# found an engine?



## sandrajoan22 (Apr 6, 2011)

Found this one one of my escapades... Anyone know what it is?


----------



## sandrajoan22 (Apr 6, 2011)

other side


----------



## sandrajoan22 (Apr 6, 2011)

printed on it volkswagen?


----------



## sandrajoan22 (Apr 6, 2011)

where i found it.


----------



## epackage (Apr 7, 2011)

looks like a beetle motor...


----------



## Inkspot (Apr 7, 2011)

What ? No "cool find" or "that's a keeper" comments yet ? [][][][]


----------



## cowseatmaize (Apr 7, 2011)

Cool find, that's a keeper! []


----------



## surfaceone (Apr 7, 2011)

Hello Sandrajoan,

 You're gonna get an Ecology Ranger Merit Badge 
	

	
	
		
		

		
		
	


	




 for dragging that home. What possessed you? [8D]
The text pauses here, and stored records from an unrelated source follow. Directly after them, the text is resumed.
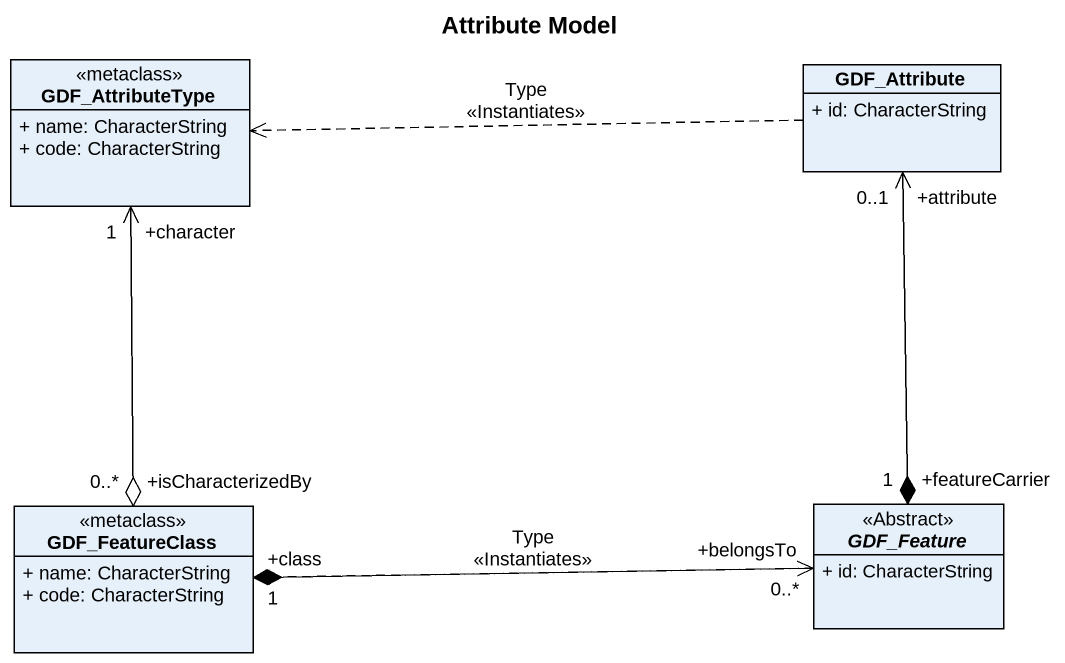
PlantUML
@startuml
title Attribute Model
hide circle
hide empty members
skinparam classAttributeIconSize 0
class GDF_AttributeType <<metaclass>> {
  + name: CharacterString
  + code: CharacterString
}
class GDF_Attribute {
  + id: CharacterString
}
class GDF_FeatureClass <<metaclass>> {
  + name: CharacterString
  + code: CharacterString
}
abstract class GDF_Feature <<Abstract>> {
  + id: CharacterString
}
GDF_Attribute .left.> GDF_AttributeType : Type\n<<Instantiates>>
GDF_FeatureClass "+isCharacterizedBy\n0..*" o-up-> "+character\n1" GDF_AttributeType
GDF_FeatureClass "+class\n1" *-right-> "+belongsTo\n0..*" GDF_Feature
GDF_Feature "+featureCarrier\n1" *-up-> "+attribute\n0..1" GDF_Attribute
GDF_Feature .left.> GDF_FeatureClass : Type\n<<Instantiates>>
@enduml
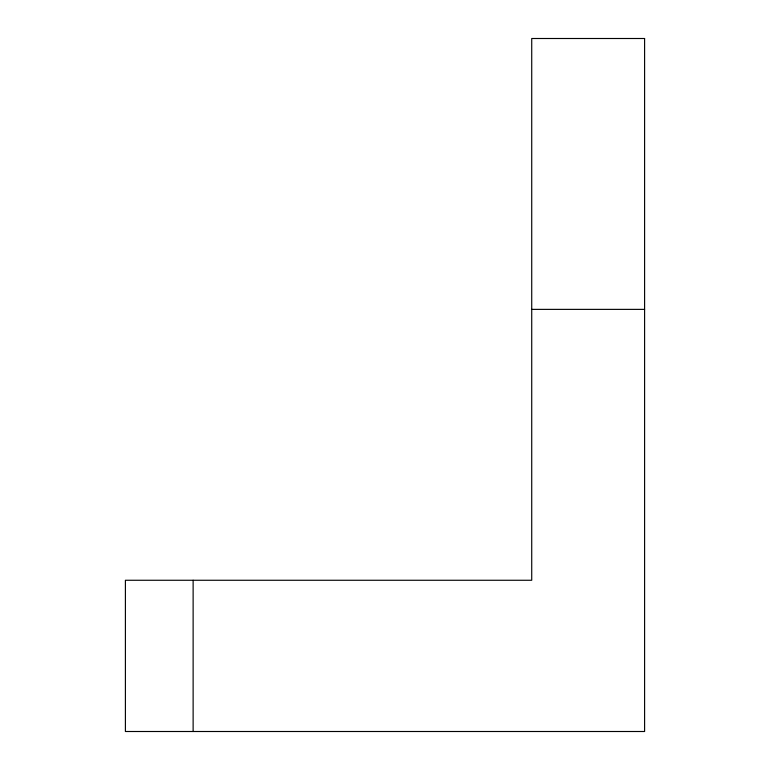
<?xml version="1.0" encoding="UTF-8"?>
<svg xmlns="http://www.w3.org/2000/svg" width="770" height="770" viewBox="0 0 770 770"><rect width="100%" height="100%" fill="white"/><g stroke="black" fill="none" stroke-linecap="round" stroke-linejoin="round"><path stroke-width="1.16" d="M531.724 309.376L644.596 309.376M193.126 580.262L193.126 731.5M644.596 38.5L531.724 38.5L531.724 580.262L125.404 580.262L125.404 731.5L644.596 731.5L644.596 38.5"/></g></svg>

 Are you gonna scrap it? Don't think they still make the lamp shades for that model.


----------



## RED Matthews (Apr 7, 2011)

Hi sandrajoan22;  The third picture has the letters VW in a circle.  So it looks to me like it could be a Volks Wagon engine.   RED Matthews


----------



## sandrajoan22 (Apr 7, 2011)

I drag home anything I find interesting... No matter the size! I rolled this engine about a half mile to a road where I could get it into my car... 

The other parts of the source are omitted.